Within the medical advisory machinery those supporting this view included the Area Anaesthetics, GP and Obstetrics and Gynaecology Sub-Committees. The Paediatric Sub-Committee rehearsed the pros and cons in an even-handed way and concluded that it did "not see the need to move RHSC from its present site at Yorkhill. Until it is clear what alterations are being offered it supports the view that Paediatric and neo-natal services should continue to expand and develop on this site".

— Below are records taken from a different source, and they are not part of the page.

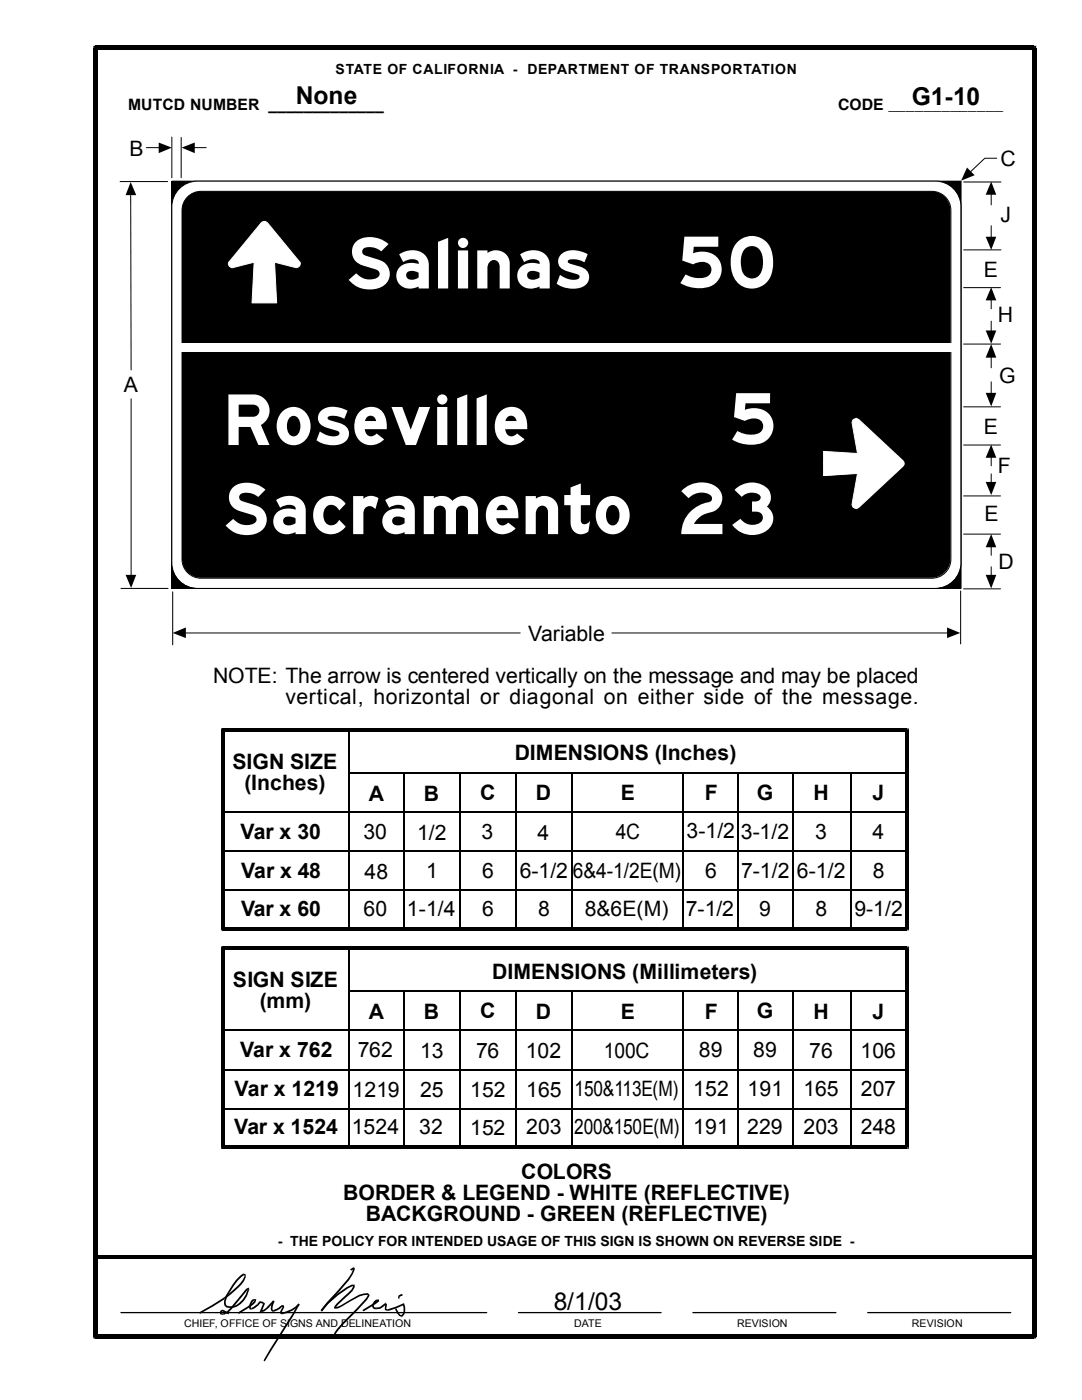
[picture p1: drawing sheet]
<svg xmlns="http://www.w3.org/2000/svg" width="216mm" height="279mm" viewBox="0 0 216 279" stroke-linecap="round" stroke-linejoin="round" font-family="sans-serif">
<g fill="none" stroke="#000" stroke-width=".2">
<path d="M24 36.2h9.4M26.1 38.8l.1 35M29.2 29.5h2.6M34.3 36.2h157.5v81.2h-157.5zM34.3 27.3v8.2M36.2 27.4v8.1M38.7 29.5h2.4M198.9 31.6h-2.4l-3 2.8M192.3 57.4h7.3M197.8 59.8v1.8M26.2 79.6v35.3M192.3 68.7h7.3"/>
<path d="M197.8 64.1v2M197.8 71.2v2.2M197.8 76.2v2.4M192.3 99h7.3M192.3 88.8h7.3M192.3 81.2h7.3M197.8 91.2v1.8M197.8 94.6v1.8M24.1 117.4h9.4M34.5 118.1v10.6M189.9 100.8l.1 .1zM191.7 117.9v10.6"/>
<path d="M192.3 106.6h7.3M192.3 117.5h7.3M197.8 109.1v1.7M197.8 113.1v1.9M36.9 126.3h66.9M122.1 126.3h67"/>
</g>
<g fill="#000">
<path d="M26.1 36.3l1.1 2.6h-2.1z" fill-rule="evenodd"/>
<path d="M31.7 28.4l2.6 1.1-2.6 1.1z" fill-rule="evenodd"/>
<path d="M36.2 29.5l2.7-1.1v2.2z" fill-rule="evenodd"/>
<path d="M193 33.4l1.5 1.6-2.7 1.1z" fill-rule="evenodd"/>
<path d="M197.8 57.3l1 2.6h-2.1z" fill-rule="evenodd"/>
<path d="M196.7 78.4h2.1l-1 2.7z" fill-rule="evenodd"/>
<path d="M197.8 68.7l1 2.7h-2.1z" fill-rule="evenodd"/>
<path d="M196.7 66h2.1l-1 2.6z" fill-rule="evenodd"/>
<path d="M196.7 96.2h2.1l-1 2.6z" fill-rule="evenodd"/>
<path d="M197.8 88.7l1 2.7h-2.1z" fill-rule="evenodd"/>
<path d="M25.1 114.7h2.1l-1 2.6z" fill-rule="evenodd"/>
<path d="M196.7 114.7h2.1l-1 2.7z" fill-rule="evenodd"/>
<path d="M197.8 106.6l1 2.6h-2.1z" fill-rule="evenodd"/>
<path d="M34.5 126.3l2.6-1.1v2.1z" fill-rule="evenodd"/>
<path d="M189 125.2l2.6 1.1-2.6 1z" fill-rule="evenodd"/>
</g>
<path d="M34.3 36.2h157.5v81.2h-157.5z" fill="#000"/>
<path d="M35.5 38a5.1 5.1 0 0 1 3.9-1.8h147.2a5.1 5.1 0 0 1 5.1 5v71.1a5.1 5.1 0 0 1-5.1 5h-147.2a5.1 5.1 0 0 1-5.1-5v-71.1a5.1 5.1 0 0 1 1.2-3.2z" fill="#fff"/>
<path d="M36.1 37.4a5.1 5.1 0 0 1 3.3-1.2h147.3a5.1 5.1 0 0 1 5.1 5v71.2a5.1 5.1 0 0 1-5.1 5h-147.3a5.1 5.1 0 0 1-5.1-5v-71.2a5.1 5.1 0 0 1 1.8-3.8zM37.4 39.3a3.8 3.8 0 0 1 2.7-1.1h145.8a3.8 3.8 0 0 1 3.8 3.8v69.6a3.8 3.8 0 0 1-3.8 3.8h-145.8a3.8 3.8 0 0 1-3.8-3.8v-69.6a3.8 3.8 0 0 1 1.1-2.7z" fill="none" stroke="#000" stroke-width=".2"/>
<path d="M37.4 39.3a3.8 3.8 0 0 1 2.7-1.1h145.7a3.8 3.8 0 0 1 3.9 3.8v69.5a3.8 3.8 0 0 1-3.9 3.8h-145.7a3.8 3.8 0 0 1-3.8-3.8v-69.5a3.8 3.8 0 0 1 1.1-2.7z" fill="#000"/>
<path d="M35.8 68.5h155.4v1.8h-155.4z" fill="#fff"/>
<path d="M192.3 36.3h7.4M197.8 38.7v2.2M192.3 49.9h7.4M197.8 45v2.4" fill="none" stroke="#000" stroke-width=".2"/>
<g fill="#000">
<path d="M197.8 36.2l1 2.7h-2.1z" fill-rule="evenodd"/>
<path d="M196.7 47.2h2.1l-1 2.7z" fill-rule="evenodd"/>
</g>
<path d="M170.3 83.7a.72 .72 0 0 1 1.1 0l9 8.5v.6l-.2 .2-8.8 8.3a.8 .8 0 0 1-.9 .1 .8 .8 0 0 1-.5-.7l1.1-6.2-6.8 .5v-4.9l6.8 .4-1.1-6.2z" fill-rule="evenodd" fill="#fff"/>
<path d="M170.3 83.7l.6-.2 .5 .2 8.8 8.2a.72 .72 0 0 1 0 1.1l-8.8 8.3-.5 .2-.6-.2-.3-.6 1.1-6.2-6.8 .4v-4.8l6.8 .4-1.1-6.2z" fill="none" stroke="#fff" stroke-width=".2"/>
<path d="M52.2 44.4l.7-.2 .5 .3 6.5 7.8v.5a.75 .75 0 0 1-.8 .6l-4.3-1.1 .4 8.2h-4.9l.4-8.2-4.3 1.1a.75 .75 0 0 1-.7-.4 .75 .75 0 0 1 .1-.8z" fill-rule="evenodd" fill="#fff"/>
<path d="M52.2 44.4a.85 .85 0 0 1 1.2 .1l6.5 7.8v.5a.75 .75 0 0 1-.8 .6l-4.3-1.1 .4 8.2h-4.9l.4-8.2-4.3 1.1a.75 .75 0 0 1-.7-.4 .75 .75 0 0 1 .1-.8z" fill="none" stroke="#fff" stroke-width=".2"/>
<g fill="#000">
<path d="M18.6 9.1h.4v.9l.5-.4h-.9zM19 9.1h187.3v.9h-187.3zM206.3 9.1h.5v.5h-.9l.4 .4zM44.1 145.4h.3v.7l.4-.4h-.7zM44.4 145.4h136.6v.6h-136.6zM181 145.4h.4v.3h-.7l.3 .3zM44.1 188.9h.3v.7l.4-.4h-.7zM44.1 145.7h.7v39.6h-.7zM44.4 185h136.6v.7h-136.6zM44.1 185.3h.7l-.4-.3v.7h-.3zM44.4 188.9h136.6v.7h-136.6zM180.7 145.7h.7v39.6h-.7z"/>
<path d="M181 188.9h.4v.3h-.7l.3 .4zM181 185l-.3 .3h.7v.4h-.4zM44.1 189.2h.7v39.7h-.7zM44.4 228.6h136.6v.7h-136.6zM44.1 228.9h.7l-.4-.3v.7h-.3zM180.7 189.2h.7v39.7h-.7zM181 228.6l-.3 .3h.7v.4h-.4zM19 250.5h187.3v.7h-187.3zM48.8 254.3h.2a3.4 3.4 0 0 1-1.5 2.7l-2.6 2.2-.3-.2a13 13 0 0 0 4.2-4.2zM44.6 259l.3 .2zM47.6 259.1l.2 .2-1.6 2-.7 .7-.8 .4-.2-.3 .7-.3 .8-.8zM47.6 259.1l.2 .2z"/>
<path d="M47.9 254.6l.6-.4 .4 .1v.2l-.1-.1a10.1 10.1 0 0 0-3.8 5.3l.1 .7-.3 .1-.1-.8a12.9 12.9 0 0 1 3.2-5.1zM48.8 254.3h.2h-.1v.2zM49.1 257.2l.5-.2 .2 .4h-.4l.2-.2-.2 .3-1.6 1.8-.2-.2zM49.4 257.3l.4 .1-.1 .1zM50.1 259.6l.3-.3 .4-.1 .2 .3a1.23 1.23 0 0 0-.9 1.5l-.1 .4-.2-.1-.1-.4 .1-.6zM50.8 259.2l.2 .3h-.3l.3-.3zM51.7 259.8l.2-.1-.1 .3h.2zM51.9 259.7l.7 .1-.1 .4-.7-.2zM52.6 259.8l.1 .1-.3 .3zM52.7 259.9l.1 .4-.6 1.4-.3-.1 .5-1.4zM54.4 259.6l.4 .1-.4-.1 .3 .2zM54.4 259.6l.4 .1-.4 1.5 .2 .3-.2 .3-.4-.6z"/>
<path d="M69.8 253.3l.7-.4 .3 .2v.3h-.4v-.3l.2 .1-.5 .4zM70.6 256.4h.2v.1h-.4l.2 .2zM70.4 253.3l.4 .1-1.1 2-5.4 6.3-.3-.2 5.4-6.3 .7-1zM70.4 253.3l.4 .1zM70.4 256.5h.4v.4a14 14 0 0 1-3.3 3.5l-.5 .5 .1 .1-.5-.1a9.4 9.4 0 0 1 2.8-2.8l.7-.7zM73.4 258.1l-.1 .3zM73.4 258.1l.3 .5-.5 .8-2 2.2a18.9 18.9 0 0 0-4.4 4.9l-.3-.1 .7-1.1 5.8-6.1 .4-.6zM75.2 259.3h.2v.3zM74.6 259.8l.6-.5 .2 .3a1.08 1.08 0 0 0-.7 1.3h.5v.4a.73 .73 0 0 1-.8-.2 .73 .73 0 0 1-.1-.7zM79.5 258.6l.3 .1-.1 .5-.3-.1zM79.5 258.6l.8-.4v.4l-.5 .2zM79.5 258.6l.3 .2z"/>
<path d="M18.6 9.6h.9v257.1h-.9zM19 266.3h187.3v.8h-187.3zM18.6 266.7h.9l-.5-.4v.8h-.4zM39.8 261.9l4.8-2.9 .3 .2-5 3zM44.4 261.4l1.3 .6-.1 .3-1.2-.6zM44.4 261.4v.3zM44 261.5l.5-.1v.3l-.4 .2 .2 .2h.3v.3l-.7-.1v-.4zM44.5 262.1l.2 .3zM44.8 260.5l.2-.1h.1zM45 260.4a2 2 0 0 0 2.8-.4l.6-.7 .6-.9 .4-1.1 .3 .2a4.1 4.1 0 0 1-3.9 3.5l-.6-.1-.4-.3zM47.4 262l2.2-1.4 .3 .3-2.2 1.3zM49.6 260.6l1.3-1.1h-.2l.3-.3 .1 .1-.1 .6-.5 .5-.6 .5z"/>
<path d="M49.6 260.6l.3 .3zM50.1 261l.1 .4h-.2zM50.1 261l1.2-.7 .3 .2-1.4 .9zM51.7 259.8l.3 .2-.4 .5-.3-.2zM51.3 260.3l.3 .2zM51.9 261.6l.3 .1-.1-.2 .1 .4-.5 .1zM52.1 261.5l.6-.1 .7-.6 .1 .3-.8 .6-.5 .2zM54.4 259.6l.3 .2-1.2 1.3-.2-.2zM53.3 260.9l.1-.1 .1 .3zM54.5 261.5l.1 .3-.2 .1zM54.5 261.5l2-1.1 .1 .4-.4 .1-.9 .6-.7 .3zM56.3 262l-.1 .3z"/>
<path d="M56.3 262a5.6 5.6 0 0 0 3.2-1.8l.3 .2a6.1 6.1 0 0 1-3.5 1.9zM56.5 260.4l.1 .2-.3 .1 .3 .1zM56.3 260.7l.3-.1 .1 .3-.5 1v.4l-.2-.1-.1-.4 .5-.9zM59.5 260.2l.3 .2zM59.5 260.2l.3 .2-1.3 2.2-5.7 9.1-.2-.2 1.2-2.2zM65.2 260l2-1.8 2-1.3 1-.5h.4v.3h-.3a18 18 0 0 0-6 5l-.3-.2zM64 261.5l.3 .2zM66.9 260.9v.3h-.2v-.2h.4zM66.9 260.9l1.1-.4 3.6-2.1 1.8-.3v.3l-1.7 .3-4.2 2.4-.6 .1zM72.3 261.5l3.1-2 .2 .1h-.2v-.3h.2v.5l-.7 .5-2.3 1.4zM75.2 260.9h.6l1-.8 .2 .3-1.1 .8-.7 .1zM75.2 260.9v.4z"/>
<path d="M76.8 260.1l.2-.2v.2l-.2 .3h.2zM77 260.1l.2 .3-.2 .8 .4 .1-.1 .3-.5-.1v-1.1zM77.4 261.3l.1 .3h-.2zM77.4 261.3l3.1-1.2 .1 .3-1.5 .7-1.6 .5zM78.8 261.3l.3-.2 .7 1.3 .5 .2-.2 .2-.4-.2-.5-.5zM80 262.6h.3l-.2 .2 .1 .1 .1-.1zM80.5 260.1l.1-.1 .1 .3-.4 .1h.3zM80.3 260.4l.4-.1a2.24 2.24 0 0 1-.4 2.5l-.3-.2a1.81 1.81 0 0 0 .3-2.2zM205.9 9.6h.9v257.1h-.9zM205.9 266.7h.9v.4h-.5v-.8z"/>
</g>
<g fill="none" stroke="#000" stroke-width=".34">
<path d="M69.6 154.3h111.2M69.6 145.6v39.7M80.7 154.3v31.1M91.8 154.3v31.1M103 154.3v31.1M114 154.3v31.1M136.3 154.3v31.1M147.2 154.2v31.1M158.3 154.3v31M169.8 154.3v31M44.3 162.1h136.5M44.3 169.8h136.5"/>
<path d="M44.3 177.6h136.5M69.6 197.9h111.4M69.6 189.1v39.8M80.7 197.9v31.1M91.8 197.9v31.1M103 197.9v31M114 197.9v31.1M136.3 198v30.9M147.2 197.8v31.1M158.3 197.8v31.1M169.8 197.8v31.1M44.3 213.4h136.7"/>
<path d="M44.4 205.7h136.6M44.3 221.2h136.7"/>
</g>
<path d="M24.1 262h73M103.5 262h28.4M138.3 262h28.5M173.1 262h28.6" fill="none" stroke="#000" stroke-width=".25"/>
<g font-size="15.2" fill="#fff">
<text x="69.2" y="57.6">Salinas</text>
<text x="134.8" y="57.5">50</text>
<text x="44.4" y="88.8">Roseville</text>
<text x="145.1" y="88.7">5</text>
<text x="44.6" y="106.6">Sacramento 23</text>
</g>
<g font-size="4.9">
<text x="59" y="20.7">None</text>
<text x="181.9" y="20.9">G1-10</text>
<text x="110.5" y="261.4">8/1/03</text>
</g>
<g font-size="4.2">
<text x="25.8" y="31.1">B</text>
<text x="199.6" y="33.1">C</text>
<text x="199.6" y="44.3">J</text>
<text x="196.3" y="55.2">E</text>
<text x="199.1" y="64.3">H</text>
<text x="199.4" y="76.4">G</text>
<text x="24.7" y="78.1">A</text>
<text x="196.3" y="86.5">E</text>
<text x="199.1" y="94.3">F</text>
<text x="196.4" y="103.9">E</text>
<text x="199.2" y="113.6">D</text>
<text x="105.4" y="128">Variable</text>
<text x="42.5" y="136.2">NOTE: The arrow is centered vertically on the message and may be placed</text>
<text x="57" y="140.5">vertical, horizontal or diagonal on either side of the message.</text>
<text x="46.4" y="153.5">SIGN SIZE</text>
<text x="102.7" y="151.7">DIMENSIONS (Inches)</text>
<text x="48.8" y="157.7">(Inches)</text>
<text x="73.6" y="159.8">A</text>
<text x="84.6" y="159.8">B</text>
<text x="95.8" y="159.7">C</text>
<text x="106.9" y="159.7">D</text>
<text x="123.9" y="159.7">E</text>
<text x="140.6" y="159.7">F</text>
<text x="151" y="159.6">G</text>
<text x="162.3" y="159.7">H</text>
<text x="174.1" y="159.7">J</text>
<text x="48" y="167.5">Var x 30</text>
<text x="72.6" y="167.5">30</text>
<text x="83.2" y="167.6">1/2</text>
<text x="96.1" y="167.5">3</text>
<text x="107.3" y="167.6">4</text>
<text x="122.9" y="167.5">4C</text>
<text x="137" y="167.3">3-1/2</text>
<text x="147.8" y="167.5">3-1/2</text>
<text x="162.6" y="167.5">3</text>
<text x="174.1" y="167.5">4</text>
<text x="48.1" y="175.2">Var x 48</text>
<text x="72.7" y="175.3">48</text>
<text x="85" y="175.3">1</text>
<text x="96.2" y="175.3">6</text>
<text x="103.7" y="175.3">6-1/2</text>
<text x="114.3" y="175.2">6&amp;4-1/2E(M)</text>
<text x="140.7" y="175.2">6</text>
<text x="147.9" y="175.2">7-1/2</text>
<text x="159" y="175.2">6-1/2</text>
<text x="174.2" y="175.2">8</text>
<text x="48.1" y="182.8">Var x 60</text>
<text x="72.6" y="182.8">60</text>
<text x="81.2" y="182.8">1-1/4</text>
<text x="96.2" y="182.9">6</text>
<text x="107.4" y="182.7">8</text>
<text x="116.7" y="182.8">8&amp;6E(M)</text>
<text x="136.8" y="182.7">7-1/2</text>
<text x="151.5" y="182.8">9</text>
<text x="162.7" y="182.7">8</text>
<text x="170.5" y="182.7">9-1/2</text>
<text x="46.5" y="197">SIGN SIZE</text>
<text x="98.2" y="195.3">DIMENSIONS (Millimeters)</text>
<text x="51.8" y="201.3">(mm)</text>
<text x="73.6" y="203.3">A</text>
<text x="84.6" y="203.3">B</text>
<text x="95.8" y="203.2">C</text>
<text x="106.9" y="203.3">D</text>
<text x="123.9" y="203.3">E</text>
<text x="140.6" y="203.3">F</text>
<text x="151" y="203.1">G</text>
<text x="162.3" y="203.3">H</text>
<text x="174.1" y="203.3">J</text>
<text x="47.9" y="211">Var x 762</text>
<text x="71.4" y="211">762</text>
<text x="83.8" y="211.1">13</text>
<text x="95" y="211.1">76</text>
<text x="104.9" y="211.1">102</text>
<text x="120.5" y="211.1">100C</text>
<text x="139.4" y="210.9">89</text>
<text x="150.3" y="211">89</text>
<text x="161.5" y="211.1">76</text>
<text x="171.7" y="211.1">106</text>
<text x="46.8" y="218.8">Var x 1219</text>
<text x="70.4" y="218.9">1219</text>
<text x="83.8" y="218.9">25</text>
<text x="93.8" y="218.9">152</text>
<text x="105" y="218.9">165</text>
<text x="114.6" y="218.8">150&amp;113E(M)</text>
<text x="138.3" y="218.8">152</text>
<text x="149.2" y="218.8">191</text>
<text x="160.4" y="218.8">165</text>
<text x="171.8" y="218.8">207</text>
<text x="46.7" y="226.4">Var x 1524</text>
<text x="70.2" y="226.4">1524</text>
<text x="83.7" y="226.4">32</text>
<text x="93.8" y="226.5">152</text>
<text x="105" y="226.3">203</text>
<text x="114.6" y="226.4">200&amp;150E(M)</text>
<text x="138.3" y="226.3">191</text>
<text x="149.1" y="226.4">229</text>
<text x="160.4" y="226.2">203</text>
<text x="171.8" y="226.2">248</text>
<text x="68.5" y="239.5">BORDER &amp; LEGEND - WHITE (REFLECTIVE)</text>
<text x="104" y="235.3">COLORS</text>
<text x="73" y="243.8">BACKGROUND - GREEN (REFLECTIVE)</text>
</g>
<g font-size="3.1">
<text x="25.6" y="21.9">MUTCD NUMBER _____________</text>
<text x="167.2" y="21.9">CODE _____________</text>
</g>
<g font-size="2.8">
<text x="67" y="14.7">STATE OF CALIFORNIA - DEPARTMENT OF TRANSPORTATION</text>
<text x="55.5" y="248.6">- THE POLICY FOR INTENDED USAGE OF THIS SIGN IS SHOWN ON REVERSE SIDE -</text>
</g>
<g font-size="2.1">
<text x="36.7" y="264.8">CHIEF, OFFICE OF SIGNS AND DELINEATION</text>
<text x="114.6" y="264.8">DATE</text>
<text x="147.1" y="264.8">REVISION</text>
<text x="181.9" y="264.8">REVISION</text>
</g>
</svg>

  1. The Local Health Council felt more information about choices and benefits should be developed. It felt there was merit in exploring the matter further but that GGNHSB should not commit itself at this stage to a policy to transfer Yorkhill’s services.
  2. The issue needs to be seen alongside the future disposition of maternity services. In 1999 GGNHSB consulted on a recommendation from the Maternity Services Liaison Committee that in the light of falling numbers of births and the imminent surplus capacity in Glasgow once the new GRI Maternity Unit had opened, we should reduce the number of delivery units from 3 to 2. In other words GRI plus the Southern General or GRI plus Yorkhill.

The Maternity Services Liaison Committee has done further work on the factors that should affect this choice and GGNHSB expects to receive some suggestions in the next month or so. We shall then conduct public consultation as to what choice we should take.

  1. Where does this leave the issue of Yorkhill’s services for children? We need to examine the analysis of issues produced by the Yorkhill Trust, the W.S. Atkins Report and the issues of space, functionality and linkages of other options. We shall encourage those analyses to be conducted openly and on a shared basis, during the next two months.

If, by December 2000, GGNHSB felt that there was a justifiable case for considering the transfer of children’s services from Yorkhill to brand new facilities elsewhere we would develop a fully worked up consultation paper for widespread consideration early in 2001.